**Your assignment:**
Find the line containing "link override fftdec: Value=KINP_EWP3Err_enum_fftdec" in the entries below. Restate it and each line after it, word for word, up to and including the line containing "link override fftinc: Value=KINP_EXV2Err_enum_fftinc".

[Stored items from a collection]
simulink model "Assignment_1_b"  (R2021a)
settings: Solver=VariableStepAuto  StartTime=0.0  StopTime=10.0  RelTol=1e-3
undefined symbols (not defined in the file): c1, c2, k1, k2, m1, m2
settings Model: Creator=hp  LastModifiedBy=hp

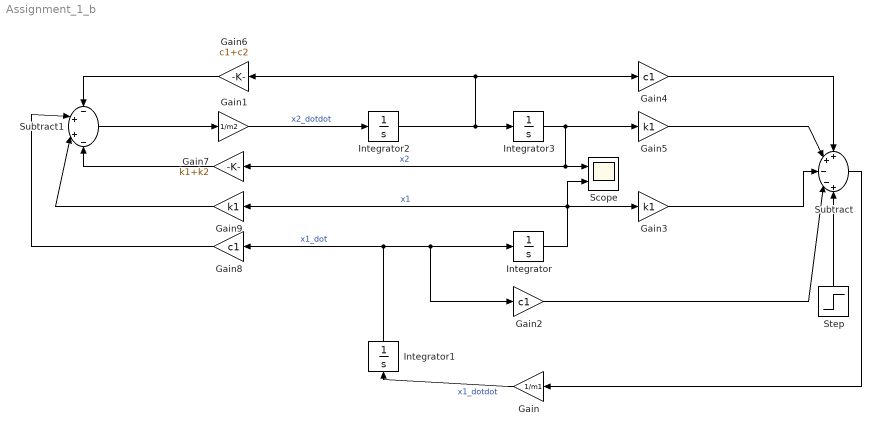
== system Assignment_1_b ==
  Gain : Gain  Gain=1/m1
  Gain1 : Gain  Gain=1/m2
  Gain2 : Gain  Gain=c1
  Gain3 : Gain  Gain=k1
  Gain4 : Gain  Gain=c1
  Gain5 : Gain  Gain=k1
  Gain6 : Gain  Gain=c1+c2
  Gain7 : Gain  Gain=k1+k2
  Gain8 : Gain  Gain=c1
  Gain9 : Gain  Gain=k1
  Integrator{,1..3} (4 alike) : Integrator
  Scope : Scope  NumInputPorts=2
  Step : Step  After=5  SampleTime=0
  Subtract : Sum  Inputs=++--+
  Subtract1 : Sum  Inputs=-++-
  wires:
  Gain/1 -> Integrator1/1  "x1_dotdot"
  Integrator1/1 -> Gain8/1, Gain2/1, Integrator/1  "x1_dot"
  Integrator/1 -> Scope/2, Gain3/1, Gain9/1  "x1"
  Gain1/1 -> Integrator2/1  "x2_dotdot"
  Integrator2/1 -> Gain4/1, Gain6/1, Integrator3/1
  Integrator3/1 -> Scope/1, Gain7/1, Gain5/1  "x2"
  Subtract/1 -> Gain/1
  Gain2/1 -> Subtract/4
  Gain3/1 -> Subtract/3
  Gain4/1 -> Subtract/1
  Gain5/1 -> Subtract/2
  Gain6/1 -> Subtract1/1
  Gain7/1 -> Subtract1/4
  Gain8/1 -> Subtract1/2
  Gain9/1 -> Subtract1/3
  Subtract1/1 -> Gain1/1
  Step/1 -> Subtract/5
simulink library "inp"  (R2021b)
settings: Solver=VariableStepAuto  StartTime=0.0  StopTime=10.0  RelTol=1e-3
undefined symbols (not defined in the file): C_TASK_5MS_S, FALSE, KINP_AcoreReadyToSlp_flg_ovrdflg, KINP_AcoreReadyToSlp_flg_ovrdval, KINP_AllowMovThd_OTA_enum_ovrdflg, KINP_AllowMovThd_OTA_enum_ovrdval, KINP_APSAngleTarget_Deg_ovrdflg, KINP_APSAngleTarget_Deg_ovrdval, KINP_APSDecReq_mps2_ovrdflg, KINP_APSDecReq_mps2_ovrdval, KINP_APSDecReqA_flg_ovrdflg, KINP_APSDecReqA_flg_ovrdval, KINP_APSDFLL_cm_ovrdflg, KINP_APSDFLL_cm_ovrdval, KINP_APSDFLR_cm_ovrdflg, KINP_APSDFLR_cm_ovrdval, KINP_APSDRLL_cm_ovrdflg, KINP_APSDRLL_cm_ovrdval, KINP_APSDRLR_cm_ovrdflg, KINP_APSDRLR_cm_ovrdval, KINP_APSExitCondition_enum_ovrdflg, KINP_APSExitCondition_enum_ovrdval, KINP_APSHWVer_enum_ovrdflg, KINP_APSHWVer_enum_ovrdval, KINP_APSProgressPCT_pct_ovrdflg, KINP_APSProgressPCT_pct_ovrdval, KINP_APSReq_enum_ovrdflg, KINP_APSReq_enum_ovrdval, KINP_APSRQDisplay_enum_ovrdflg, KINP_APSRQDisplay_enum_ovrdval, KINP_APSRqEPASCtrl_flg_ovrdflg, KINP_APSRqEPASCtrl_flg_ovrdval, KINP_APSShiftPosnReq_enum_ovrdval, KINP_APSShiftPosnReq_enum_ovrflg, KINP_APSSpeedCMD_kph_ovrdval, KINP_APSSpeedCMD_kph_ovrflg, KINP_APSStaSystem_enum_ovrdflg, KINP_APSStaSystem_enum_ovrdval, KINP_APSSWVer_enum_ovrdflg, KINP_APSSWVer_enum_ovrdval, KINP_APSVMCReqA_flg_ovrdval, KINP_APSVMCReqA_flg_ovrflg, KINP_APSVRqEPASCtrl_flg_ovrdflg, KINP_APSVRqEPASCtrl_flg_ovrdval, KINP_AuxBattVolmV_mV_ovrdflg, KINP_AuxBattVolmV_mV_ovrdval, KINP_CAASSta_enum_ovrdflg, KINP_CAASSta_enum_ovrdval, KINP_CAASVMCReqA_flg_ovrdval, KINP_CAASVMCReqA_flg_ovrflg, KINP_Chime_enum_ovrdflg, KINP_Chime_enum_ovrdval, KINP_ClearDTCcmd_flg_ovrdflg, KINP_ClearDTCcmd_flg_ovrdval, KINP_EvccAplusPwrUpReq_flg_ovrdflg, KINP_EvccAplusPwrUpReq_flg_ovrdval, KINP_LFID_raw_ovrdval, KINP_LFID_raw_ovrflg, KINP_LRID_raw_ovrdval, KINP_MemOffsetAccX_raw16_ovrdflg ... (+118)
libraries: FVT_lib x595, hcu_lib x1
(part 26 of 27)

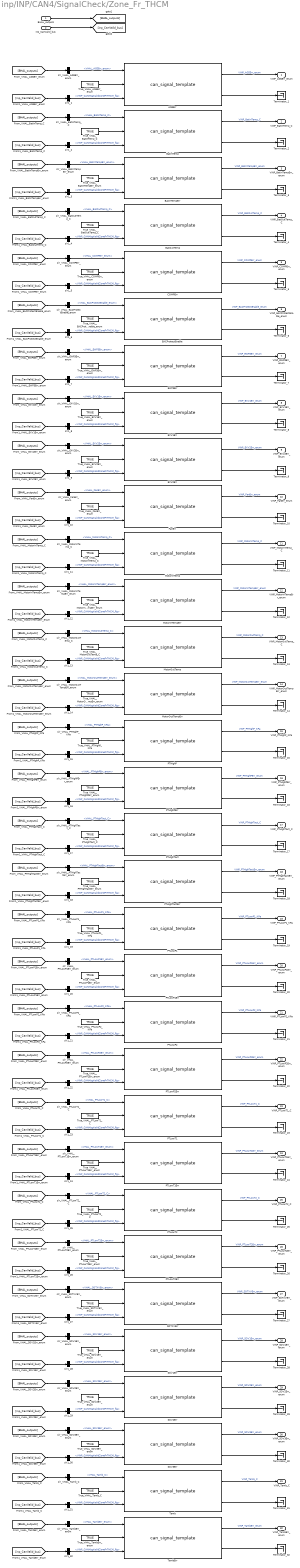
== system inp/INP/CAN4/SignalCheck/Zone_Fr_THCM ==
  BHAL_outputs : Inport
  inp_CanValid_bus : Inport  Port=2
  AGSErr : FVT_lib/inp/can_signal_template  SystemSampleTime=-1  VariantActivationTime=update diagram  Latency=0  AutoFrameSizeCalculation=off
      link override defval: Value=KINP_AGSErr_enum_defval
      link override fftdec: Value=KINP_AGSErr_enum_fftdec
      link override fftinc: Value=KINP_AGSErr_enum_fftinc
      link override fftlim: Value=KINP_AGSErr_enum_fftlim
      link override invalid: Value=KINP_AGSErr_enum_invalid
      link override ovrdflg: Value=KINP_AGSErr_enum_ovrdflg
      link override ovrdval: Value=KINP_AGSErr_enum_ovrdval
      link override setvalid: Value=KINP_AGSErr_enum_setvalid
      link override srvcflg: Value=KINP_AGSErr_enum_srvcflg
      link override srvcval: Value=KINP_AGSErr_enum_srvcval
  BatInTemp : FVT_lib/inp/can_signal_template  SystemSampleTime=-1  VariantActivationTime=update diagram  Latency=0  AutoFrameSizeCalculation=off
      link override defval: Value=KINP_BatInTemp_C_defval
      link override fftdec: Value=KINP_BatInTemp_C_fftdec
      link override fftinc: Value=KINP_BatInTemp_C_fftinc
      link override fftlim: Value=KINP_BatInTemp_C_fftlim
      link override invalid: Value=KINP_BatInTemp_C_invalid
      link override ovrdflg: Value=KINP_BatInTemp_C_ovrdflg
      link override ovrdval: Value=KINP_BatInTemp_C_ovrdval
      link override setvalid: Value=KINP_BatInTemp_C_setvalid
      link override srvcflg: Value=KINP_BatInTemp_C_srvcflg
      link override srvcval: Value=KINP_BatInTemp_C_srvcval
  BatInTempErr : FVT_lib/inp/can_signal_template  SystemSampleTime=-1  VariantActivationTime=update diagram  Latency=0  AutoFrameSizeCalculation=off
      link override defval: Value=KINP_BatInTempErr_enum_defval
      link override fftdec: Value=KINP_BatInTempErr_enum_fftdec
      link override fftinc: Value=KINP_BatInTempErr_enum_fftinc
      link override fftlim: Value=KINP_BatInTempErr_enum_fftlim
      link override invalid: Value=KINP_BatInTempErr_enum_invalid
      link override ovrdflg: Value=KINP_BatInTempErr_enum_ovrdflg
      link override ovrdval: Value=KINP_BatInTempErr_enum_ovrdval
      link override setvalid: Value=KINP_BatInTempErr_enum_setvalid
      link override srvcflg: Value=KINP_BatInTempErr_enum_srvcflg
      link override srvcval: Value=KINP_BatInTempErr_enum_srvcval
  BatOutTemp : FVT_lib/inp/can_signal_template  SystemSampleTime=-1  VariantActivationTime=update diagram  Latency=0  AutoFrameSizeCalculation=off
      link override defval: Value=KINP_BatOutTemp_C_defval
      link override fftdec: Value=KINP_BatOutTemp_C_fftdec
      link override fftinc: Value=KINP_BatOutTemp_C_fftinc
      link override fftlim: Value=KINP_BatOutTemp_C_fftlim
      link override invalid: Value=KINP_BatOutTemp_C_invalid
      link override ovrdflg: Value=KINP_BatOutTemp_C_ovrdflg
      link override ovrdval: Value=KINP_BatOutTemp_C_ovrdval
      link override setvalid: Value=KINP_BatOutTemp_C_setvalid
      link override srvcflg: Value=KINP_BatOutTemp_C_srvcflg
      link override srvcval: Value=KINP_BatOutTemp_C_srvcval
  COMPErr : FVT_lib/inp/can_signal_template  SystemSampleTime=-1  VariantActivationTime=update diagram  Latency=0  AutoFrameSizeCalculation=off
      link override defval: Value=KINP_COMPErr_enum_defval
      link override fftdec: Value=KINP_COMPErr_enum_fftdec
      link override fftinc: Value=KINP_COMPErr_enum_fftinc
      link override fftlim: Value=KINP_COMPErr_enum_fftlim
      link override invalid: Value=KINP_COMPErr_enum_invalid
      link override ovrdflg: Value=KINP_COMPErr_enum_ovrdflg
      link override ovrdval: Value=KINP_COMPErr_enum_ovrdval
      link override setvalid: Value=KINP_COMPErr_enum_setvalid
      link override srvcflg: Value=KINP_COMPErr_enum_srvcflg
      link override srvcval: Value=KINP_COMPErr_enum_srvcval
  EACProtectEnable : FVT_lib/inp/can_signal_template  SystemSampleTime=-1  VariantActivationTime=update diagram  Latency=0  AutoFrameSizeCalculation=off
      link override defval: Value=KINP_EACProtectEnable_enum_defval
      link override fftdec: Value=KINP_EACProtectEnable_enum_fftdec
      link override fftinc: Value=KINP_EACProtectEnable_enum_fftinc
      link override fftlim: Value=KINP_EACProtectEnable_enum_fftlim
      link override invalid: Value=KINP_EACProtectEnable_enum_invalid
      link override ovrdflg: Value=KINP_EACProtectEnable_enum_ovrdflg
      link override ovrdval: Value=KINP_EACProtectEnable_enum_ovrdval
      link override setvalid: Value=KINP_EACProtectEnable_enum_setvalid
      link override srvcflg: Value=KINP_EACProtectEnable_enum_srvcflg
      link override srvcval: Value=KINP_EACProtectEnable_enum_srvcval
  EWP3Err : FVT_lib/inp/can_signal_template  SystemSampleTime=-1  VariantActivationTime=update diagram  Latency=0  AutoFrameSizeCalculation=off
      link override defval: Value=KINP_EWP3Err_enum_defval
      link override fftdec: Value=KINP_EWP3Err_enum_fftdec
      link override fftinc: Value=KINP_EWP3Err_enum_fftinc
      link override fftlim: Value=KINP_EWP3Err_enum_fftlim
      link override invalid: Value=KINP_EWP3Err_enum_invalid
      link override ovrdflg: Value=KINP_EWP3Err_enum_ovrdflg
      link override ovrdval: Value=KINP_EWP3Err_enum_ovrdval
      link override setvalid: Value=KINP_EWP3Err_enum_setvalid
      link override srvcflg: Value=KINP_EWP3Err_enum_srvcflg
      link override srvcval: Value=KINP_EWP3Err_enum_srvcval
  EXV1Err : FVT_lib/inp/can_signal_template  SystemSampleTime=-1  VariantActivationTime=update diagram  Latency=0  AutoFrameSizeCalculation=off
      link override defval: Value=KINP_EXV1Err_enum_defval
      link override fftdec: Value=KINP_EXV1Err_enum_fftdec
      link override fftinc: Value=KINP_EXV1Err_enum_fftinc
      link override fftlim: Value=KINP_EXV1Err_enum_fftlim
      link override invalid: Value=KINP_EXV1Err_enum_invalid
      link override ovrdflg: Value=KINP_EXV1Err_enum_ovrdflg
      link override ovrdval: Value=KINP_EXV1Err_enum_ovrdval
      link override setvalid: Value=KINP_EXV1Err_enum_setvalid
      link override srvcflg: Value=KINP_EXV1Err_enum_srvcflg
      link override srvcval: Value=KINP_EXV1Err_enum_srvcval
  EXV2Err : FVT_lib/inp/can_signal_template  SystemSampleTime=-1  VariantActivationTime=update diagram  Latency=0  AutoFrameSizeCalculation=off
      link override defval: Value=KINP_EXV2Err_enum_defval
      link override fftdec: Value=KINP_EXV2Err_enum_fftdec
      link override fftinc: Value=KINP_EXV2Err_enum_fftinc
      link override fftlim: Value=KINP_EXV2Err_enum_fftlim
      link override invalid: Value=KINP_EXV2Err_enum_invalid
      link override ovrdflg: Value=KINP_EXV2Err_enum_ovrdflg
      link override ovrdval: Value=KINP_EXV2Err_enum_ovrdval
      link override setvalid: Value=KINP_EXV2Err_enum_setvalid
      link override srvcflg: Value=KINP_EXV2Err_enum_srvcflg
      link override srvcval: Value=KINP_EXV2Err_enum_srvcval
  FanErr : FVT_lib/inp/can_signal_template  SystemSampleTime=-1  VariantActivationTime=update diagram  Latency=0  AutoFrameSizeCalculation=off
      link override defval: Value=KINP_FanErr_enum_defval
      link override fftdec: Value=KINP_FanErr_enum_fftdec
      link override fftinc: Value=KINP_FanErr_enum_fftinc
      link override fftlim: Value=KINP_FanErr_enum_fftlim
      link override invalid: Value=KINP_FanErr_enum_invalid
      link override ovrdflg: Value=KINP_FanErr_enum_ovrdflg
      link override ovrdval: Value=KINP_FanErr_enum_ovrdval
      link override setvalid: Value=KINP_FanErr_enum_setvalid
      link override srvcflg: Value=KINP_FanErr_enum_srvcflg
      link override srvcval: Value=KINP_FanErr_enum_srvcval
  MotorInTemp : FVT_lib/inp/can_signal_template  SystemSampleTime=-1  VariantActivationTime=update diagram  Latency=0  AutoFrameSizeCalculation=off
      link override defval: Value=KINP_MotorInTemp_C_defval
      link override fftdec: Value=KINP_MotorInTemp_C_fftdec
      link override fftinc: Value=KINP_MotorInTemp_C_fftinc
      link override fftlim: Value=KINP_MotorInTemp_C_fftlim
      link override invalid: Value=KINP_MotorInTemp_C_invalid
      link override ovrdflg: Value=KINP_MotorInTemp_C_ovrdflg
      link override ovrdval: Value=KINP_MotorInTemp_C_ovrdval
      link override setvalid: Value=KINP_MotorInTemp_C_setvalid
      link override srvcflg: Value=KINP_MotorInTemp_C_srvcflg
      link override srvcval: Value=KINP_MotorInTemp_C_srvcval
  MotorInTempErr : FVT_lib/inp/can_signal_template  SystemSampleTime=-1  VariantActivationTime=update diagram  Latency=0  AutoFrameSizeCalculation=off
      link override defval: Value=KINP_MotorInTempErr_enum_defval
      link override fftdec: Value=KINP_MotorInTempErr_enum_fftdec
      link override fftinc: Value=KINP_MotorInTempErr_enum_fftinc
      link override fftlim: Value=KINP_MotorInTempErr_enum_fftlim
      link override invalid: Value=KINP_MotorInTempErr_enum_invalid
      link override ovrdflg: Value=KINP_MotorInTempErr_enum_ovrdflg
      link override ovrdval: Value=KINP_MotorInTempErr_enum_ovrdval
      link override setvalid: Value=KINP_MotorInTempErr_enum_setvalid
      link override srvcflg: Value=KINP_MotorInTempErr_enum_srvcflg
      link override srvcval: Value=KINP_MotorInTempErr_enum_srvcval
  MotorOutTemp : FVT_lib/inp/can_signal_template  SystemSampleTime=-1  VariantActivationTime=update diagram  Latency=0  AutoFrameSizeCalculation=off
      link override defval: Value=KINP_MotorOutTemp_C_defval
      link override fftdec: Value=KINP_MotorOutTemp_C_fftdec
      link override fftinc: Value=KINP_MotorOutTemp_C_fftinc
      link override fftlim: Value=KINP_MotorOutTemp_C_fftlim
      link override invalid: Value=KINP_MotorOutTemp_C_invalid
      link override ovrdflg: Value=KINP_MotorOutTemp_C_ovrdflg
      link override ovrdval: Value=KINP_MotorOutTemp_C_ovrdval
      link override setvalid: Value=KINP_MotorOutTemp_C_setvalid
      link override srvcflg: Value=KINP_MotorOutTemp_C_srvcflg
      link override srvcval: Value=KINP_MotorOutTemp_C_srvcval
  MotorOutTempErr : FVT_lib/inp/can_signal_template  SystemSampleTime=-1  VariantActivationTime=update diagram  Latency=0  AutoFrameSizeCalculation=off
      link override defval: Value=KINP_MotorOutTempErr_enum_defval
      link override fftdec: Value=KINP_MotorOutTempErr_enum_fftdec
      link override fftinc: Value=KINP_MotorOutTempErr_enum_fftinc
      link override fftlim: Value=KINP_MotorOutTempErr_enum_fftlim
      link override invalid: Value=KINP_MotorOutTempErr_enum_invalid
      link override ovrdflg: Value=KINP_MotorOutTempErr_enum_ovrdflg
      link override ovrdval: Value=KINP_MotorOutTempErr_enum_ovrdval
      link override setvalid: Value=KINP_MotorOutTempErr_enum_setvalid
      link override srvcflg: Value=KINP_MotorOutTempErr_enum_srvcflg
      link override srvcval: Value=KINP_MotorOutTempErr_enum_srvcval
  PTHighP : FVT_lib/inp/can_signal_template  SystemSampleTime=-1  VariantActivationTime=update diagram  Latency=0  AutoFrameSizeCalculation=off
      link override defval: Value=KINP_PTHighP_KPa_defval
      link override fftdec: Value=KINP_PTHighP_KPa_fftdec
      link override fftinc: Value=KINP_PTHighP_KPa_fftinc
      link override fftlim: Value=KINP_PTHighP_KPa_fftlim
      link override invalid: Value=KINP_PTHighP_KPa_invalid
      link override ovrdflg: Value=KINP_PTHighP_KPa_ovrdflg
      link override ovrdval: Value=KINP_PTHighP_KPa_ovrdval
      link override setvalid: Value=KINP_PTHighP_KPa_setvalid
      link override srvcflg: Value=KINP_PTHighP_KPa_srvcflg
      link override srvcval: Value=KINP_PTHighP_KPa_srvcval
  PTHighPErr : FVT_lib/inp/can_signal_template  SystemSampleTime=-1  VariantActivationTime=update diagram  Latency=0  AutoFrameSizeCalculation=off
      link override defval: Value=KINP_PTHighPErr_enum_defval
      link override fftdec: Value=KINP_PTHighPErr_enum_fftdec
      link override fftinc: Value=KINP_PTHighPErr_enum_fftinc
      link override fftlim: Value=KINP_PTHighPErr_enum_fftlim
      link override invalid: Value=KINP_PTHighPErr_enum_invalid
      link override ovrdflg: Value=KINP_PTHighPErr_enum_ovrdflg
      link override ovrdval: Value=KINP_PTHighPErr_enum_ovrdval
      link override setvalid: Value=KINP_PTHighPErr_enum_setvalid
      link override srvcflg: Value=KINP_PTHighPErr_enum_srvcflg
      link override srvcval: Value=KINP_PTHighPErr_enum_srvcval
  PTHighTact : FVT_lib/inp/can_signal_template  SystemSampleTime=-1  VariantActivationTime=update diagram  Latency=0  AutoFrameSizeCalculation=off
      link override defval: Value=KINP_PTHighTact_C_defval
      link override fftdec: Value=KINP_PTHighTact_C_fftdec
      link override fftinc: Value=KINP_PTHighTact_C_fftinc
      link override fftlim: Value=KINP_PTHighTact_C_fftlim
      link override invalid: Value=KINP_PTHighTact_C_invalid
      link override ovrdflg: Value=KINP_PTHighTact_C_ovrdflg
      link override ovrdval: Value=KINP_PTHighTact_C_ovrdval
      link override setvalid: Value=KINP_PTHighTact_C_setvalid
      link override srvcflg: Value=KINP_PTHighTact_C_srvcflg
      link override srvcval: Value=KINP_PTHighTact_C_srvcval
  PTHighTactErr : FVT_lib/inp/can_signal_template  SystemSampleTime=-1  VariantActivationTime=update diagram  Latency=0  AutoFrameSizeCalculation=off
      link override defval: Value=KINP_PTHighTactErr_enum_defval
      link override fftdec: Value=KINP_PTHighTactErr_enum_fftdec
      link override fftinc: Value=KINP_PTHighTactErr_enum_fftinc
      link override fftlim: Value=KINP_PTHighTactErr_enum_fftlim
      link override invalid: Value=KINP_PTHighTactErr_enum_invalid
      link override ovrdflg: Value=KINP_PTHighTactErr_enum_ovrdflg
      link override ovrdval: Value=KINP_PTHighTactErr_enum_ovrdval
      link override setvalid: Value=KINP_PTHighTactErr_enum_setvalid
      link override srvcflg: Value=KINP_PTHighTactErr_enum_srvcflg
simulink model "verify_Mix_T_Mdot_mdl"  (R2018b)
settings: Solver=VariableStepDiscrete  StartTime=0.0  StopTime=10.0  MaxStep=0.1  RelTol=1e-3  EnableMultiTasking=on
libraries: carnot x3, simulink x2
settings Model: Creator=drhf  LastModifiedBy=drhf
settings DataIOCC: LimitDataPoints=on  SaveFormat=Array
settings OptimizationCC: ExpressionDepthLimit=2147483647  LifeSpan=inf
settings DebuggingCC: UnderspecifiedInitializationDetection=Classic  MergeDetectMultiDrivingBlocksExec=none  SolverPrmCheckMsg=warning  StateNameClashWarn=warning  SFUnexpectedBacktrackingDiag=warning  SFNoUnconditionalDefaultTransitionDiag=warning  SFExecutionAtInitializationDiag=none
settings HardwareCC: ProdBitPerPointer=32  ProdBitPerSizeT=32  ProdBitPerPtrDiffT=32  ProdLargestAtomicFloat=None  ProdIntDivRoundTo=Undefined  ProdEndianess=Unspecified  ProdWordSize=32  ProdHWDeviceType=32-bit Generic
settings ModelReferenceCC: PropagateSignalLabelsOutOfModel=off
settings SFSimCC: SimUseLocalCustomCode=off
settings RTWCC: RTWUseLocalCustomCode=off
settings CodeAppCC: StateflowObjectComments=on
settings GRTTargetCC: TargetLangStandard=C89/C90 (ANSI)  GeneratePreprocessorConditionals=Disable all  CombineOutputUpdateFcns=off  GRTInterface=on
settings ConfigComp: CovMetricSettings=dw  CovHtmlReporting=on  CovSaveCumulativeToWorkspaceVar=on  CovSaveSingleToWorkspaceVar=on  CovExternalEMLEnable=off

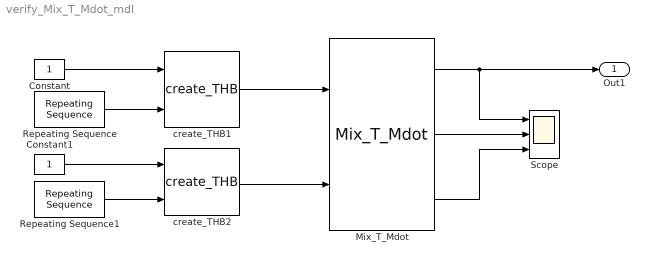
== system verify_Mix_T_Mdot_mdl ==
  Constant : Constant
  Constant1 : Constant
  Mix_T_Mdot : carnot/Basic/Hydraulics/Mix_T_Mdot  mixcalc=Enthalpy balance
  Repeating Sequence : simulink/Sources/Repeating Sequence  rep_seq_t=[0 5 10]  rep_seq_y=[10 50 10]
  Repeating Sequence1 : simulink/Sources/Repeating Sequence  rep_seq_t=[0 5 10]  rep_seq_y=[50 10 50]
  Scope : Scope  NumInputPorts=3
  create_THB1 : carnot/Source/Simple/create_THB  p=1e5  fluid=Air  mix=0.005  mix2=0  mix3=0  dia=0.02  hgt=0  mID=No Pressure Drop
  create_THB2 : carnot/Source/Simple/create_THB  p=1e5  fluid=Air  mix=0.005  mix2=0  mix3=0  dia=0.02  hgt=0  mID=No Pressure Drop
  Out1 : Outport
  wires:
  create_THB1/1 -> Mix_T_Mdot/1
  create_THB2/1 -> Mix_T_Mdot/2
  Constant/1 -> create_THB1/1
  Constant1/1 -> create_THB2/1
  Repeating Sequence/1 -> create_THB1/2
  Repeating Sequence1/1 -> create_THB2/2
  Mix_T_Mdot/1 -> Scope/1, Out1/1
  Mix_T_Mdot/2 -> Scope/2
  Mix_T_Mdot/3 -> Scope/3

**Written solution:**
      link override fftdec: Value=KINP_EWP3Err_enum_fftdec
      link override fftinc: Value=KINP_EWP3Err_enum_fftinc
      link override fftlim: Value=KINP_EWP3Err_enum_fftlim
      link override invalid: Value=KINP_EWP3Err_enum_invalid
      link override ovrdflg: Value=KINP_EWP3Err_enum_ovrdflg
      link override ovrdval: Value=KINP_EWP3Err_enum_ovrdval
      link override setvalid: Value=KINP_EWP3Err_enum_setvalid
      link override srvcflg: Value=KINP_EWP3Err_enum_srvcflg
      link override srvcval: Value=KINP_EWP3Err_enum_srvcval
  EXV1Err : FVT_lib/inp/can_signal_template  SystemSampleTime=-1  VariantActivationTime=update diagram  Latency=0  AutoFrameSizeCalculation=off
      link override defval: Value=KINP_EXV1Err_enum_defval
      link override fftdec: Value=KINP_EXV1Err_enum_fftdec
      link override fftinc: Value=KINP_EXV1Err_enum_fftinc
      link override fftlim: Value=KINP_EXV1Err_enum_fftlim
      link override invalid: Value=KINP_EXV1Err_enum_invalid
      link override ovrdflg: Value=KINP_EXV1Err_enum_ovrdflg
      link override ovrdval: Value=KINP_EXV1Err_enum_ovrdval
      link override setvalid: Value=KINP_EXV1Err_enum_setvalid
      link override srvcflg: Value=KINP_EXV1Err_enum_srvcflg
      link override srvcval: Value=KINP_EXV1Err_enum_srvcval
  EXV2Err : FVT_lib/inp/can_signal_template  SystemSampleTime=-1  VariantActivationTime=update diagram  Latency=0  AutoFrameSizeCalculation=off
      link override defval: Value=KINP_EXV2Err_enum_defval
      link override fftdec: Value=KINP_EXV2Err_enum_fftdec
      link override fftinc: Value=KINP_EXV2Err_enum_fftinc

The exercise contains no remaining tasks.